И когда эта крепость неожиданно пала, все пошло удивительно у него на разнос. Он кинулся в прежнее с неслыханной силой, с невиданной скоростью заводил он знакомства, проводил и выигрывал сотни боев, уже не имея, как когда-то, обиды, что все время ему предлагали бои, — а, ну что ж, если бои, получайте разгром;и получали немедленно разгром от него, какого, видимо, от него и желали.
Только одно наложилось на прежнюю линию: необходимость увертываться ловко от уха и глаза. Но и в этом нашлась уже не слабость, а сила, уже оказалось, что это не стыд и не тайный обман над слабейшим, над чьим-то доверием, которое он бы не смог обмануть, а мощная, трубная, постоянная победа над чужой ему силой, выражавшей над ним себя с полною властью.
Посылали, к примеру, его в магазин, посылали, скажем, для покупки батона. А он за эту короткую посылку уже и успевал то, что надо, прихватив, разумеется, несколько времени от батона; батон же при этом брал, возможно, не в очередь. В баню отпускали его одного (хоть и редко) — он и от бани мог немного урвать, успевая, однако, вымыть все, что задумано, что потом подвергалось проверке на скрип.
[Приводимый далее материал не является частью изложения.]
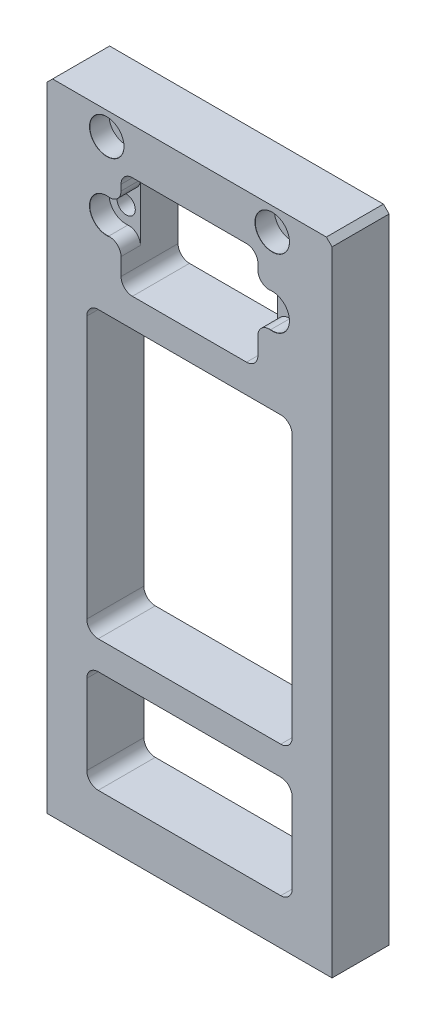
from build123d import *

# Parameters (mm, degrees)
SKETCH1_W                                    = 50
SKETCH1_H                                    = 112
SKETCH1_W_2                                  = 24
SKETCH1_H_2                                  = 18
BOSS_EXTRUDE1_DEPTH                          = 10
SKETCH8_W                                    = 36
SKETCH8_H                                    = 50
SKETCH8_H_2                                  = 18
CUT_EXTRUDE1_DEPTH                           = 116.191145493
CBORE_FOR_M3_HEXAGON_SOCKET_HEAD_CAP_2_COUNT = 2
CBORE_FOR_M3_HEXAGON_SOCKET_HEAD_CAP_2_PITCH = 12
CBORE_FOR_M3_HEXAGON_SOCKET_HEAD_CAP_3_COUNT = 2
CBORE_FOR_M3_HEXAGON_SOCKET_HEAD_CAP_3_PITCH = 29
CBORE_FOR_M3_HEXAGON_SOCKET_HEAD_CAP_4_COUNT = 2
CBORE_FOR_M3_HEXAGON_SOCKET_HEAD_CAP_4_PITCH = 31.384709653
CHAMFER1_SIZE                                = 1
FILLET1_R                                    = 2
M3_TAPPED_HOLE1_D                            = 2.5
M3_TAPPED_HOLE1_DEPTH                        = 9.5
M3_TAPPED_HOLE1_CSINK_D                      = 3.05
M3_TAPPED_HOLE1_CSINK_ANGLE                  = 90
M3_TAPPED_HOLE1_TIP                          = 0.751075774


with BuildPart() as part:
    # Sketch1 → Boss-Extrude1 (new body)
    with BuildSketch(Plane.XY):
        with Locations((0, -56)):
            Rectangle(SKETCH1_W, SKETCH1_H)
        with Locations((0, -17)):
            Rectangle(SKETCH1_W_2, SKETCH1_H_2, mode=Mode.SUBTRACT)
    extrude(amount=BOSS_EXTRUDE1_DEPTH)

    # Sketch8 → Cut-Extrude1 (cut, through all)
    with BuildSketch(Plane.XY.offset(10)):
        with Locations((0, -56)):
            Rectangle(SKETCH8_W, SKETCH8_H)
        with Locations((0, -95)):
            Rectangle(SKETCH8_W, SKETCH8_H_2)
    extrude(amount=-CUT_EXTRUDE1_DEPTH, mode=Mode.SUBTRACT)

    # Sketch7 → CBORE for M3 Hexagon socket head cap screws3 (revolve, cut)
    with BuildSketch(Plane(origin=(-14.5, -4, 10), x_dir=(0, -1, 0), z_dir=(1, 0, 0))):
        Polygon((0, 0), (0, 10), (1.6, 10), (1.6, 3.4), (3, 3.4), (3, 0.025), (3.025, 0), align=None)
    cbore_for_m3_hexagon_socket_head_cap_scr = revolve(axis=Axis((-14.5, -4, 16.35), (0, 0, -1)), mode=Mode.SUBTRACT)

    # CBORE for M3 Hexagon socket head cap 2: CBORE for M3 Hexagon socket head cap screws3 ×2
    with Locations(*[(0, -i * CBORE_FOR_M3_HEXAGON_SOCKET_HEAD_CAP_2_PITCH, 0) for i in range(1, CBORE_FOR_M3_HEXAGON_SOCKET_HEAD_CAP_2_COUNT)]):
        add(cbore_for_m3_hexagon_socket_head_cap_scr, mode=Mode.SUBTRACT)

    # CBORE for M3 Hexagon socket head cap 3: CBORE for M3 Hexagon socket head cap screws3 ×2
    with Locations(*[(i * CBORE_FOR_M3_HEXAGON_SOCKET_HEAD_CAP_3_PITCH, 0, 0) for i in range(1, CBORE_FOR_M3_HEXAGON_SOCKET_HEAD_CAP_3_COUNT)]):
        add(cbore_for_m3_hexagon_socket_head_cap_scr, mode=Mode.SUBTRACT)

    # CBORE for M3 Hexagon socket head cap 4: CBORE for M3 Hexagon socket head cap screws3 ×2
    with Locations(*[Vector(0.9240168324218909, -0.38235179272629954, 0) * (i * CBORE_FOR_M3_HEXAGON_SOCKET_HEAD_CAP_4_PITCH) for i in range(1, CBORE_FOR_M3_HEXAGON_SOCKET_HEAD_CAP_4_COUNT)]):
        add(cbore_for_m3_hexagon_socket_head_cap_scr, mode=Mode.SUBTRACT)

    # Chamfer1
    chamfer1_edges = [part.edges().sort_by_distance(p)[0] for p in [
        (-25, 0, 5),
        (25, 0, 5),
    ]]
    chamfer(chamfer1_edges, length=CHAMFER1_SIZE)

    # Fillet1
    fillet1_edges = [part.edges().sort_by_distance(p)[0] for p in [
        (-12, -8, 5),
        (-12, -26, 5),
        (12, -26, 5),
        (12, -8, 5),
        (-12, -14.341687605, 8.2875),
        (-12, -17.658312395, 8.2875),
        (12, -17.658312395, 8.2875),
        (12, -14.341687605, 8.2875),
        (18, -86, 5),
        (18, -104, 5),
        (-18, -104, 5),
        (-18, -86, 5),
        (18, -31, 5),
        (18, -81, 5),
        (-18, -81, 5),
        (-18, -31, 5),
    ]]
    fillet(fillet1_edges, radius=FILLET1_R)

    # M3 Tapped Hole1
    with Locations(Plane(origin=(-21.75, -112, 5), x_dir=(0, 0, -1), z_dir=(0, -1, 0))):
        with Locations((0, 0), (0, 43.5)):
            CounterSinkHole(M3_TAPPED_HOLE1_D / 2, M3_TAPPED_HOLE1_CSINK_D / 2, depth=M3_TAPPED_HOLE1_DEPTH, counter_sink_angle=M3_TAPPED_HOLE1_CSINK_ANGLE)
            with Locations((0, 0, -(M3_TAPPED_HOLE1_DEPTH + M3_TAPPED_HOLE1_TIP / 2))):  # 118° drill point
                Cone(0, M3_TAPPED_HOLE1_D / 2, M3_TAPPED_HOLE1_TIP, mode=Mode.SUBTRACT)


solid = part.part

А потому успевал, что имел в голове постоянную карту, помнил точно, кто и когда где бывает и когда возвращается в дом, а еще потому, что дома выбирал себе рядом: рядом с булочной есть у него некий дом; рядом с баней имеется; с парикмахерской тоже; возле места работы — не один и не два. Так что: в баню? — пожалуйте; ну, слегка задержался, скажем, товарища — мог бы он встретить? Мог заняться с ним слегка разговором? Да, мог. И хоть это не похвально, но вполне объяснимо; а внутри уже трубы, внутри торжество.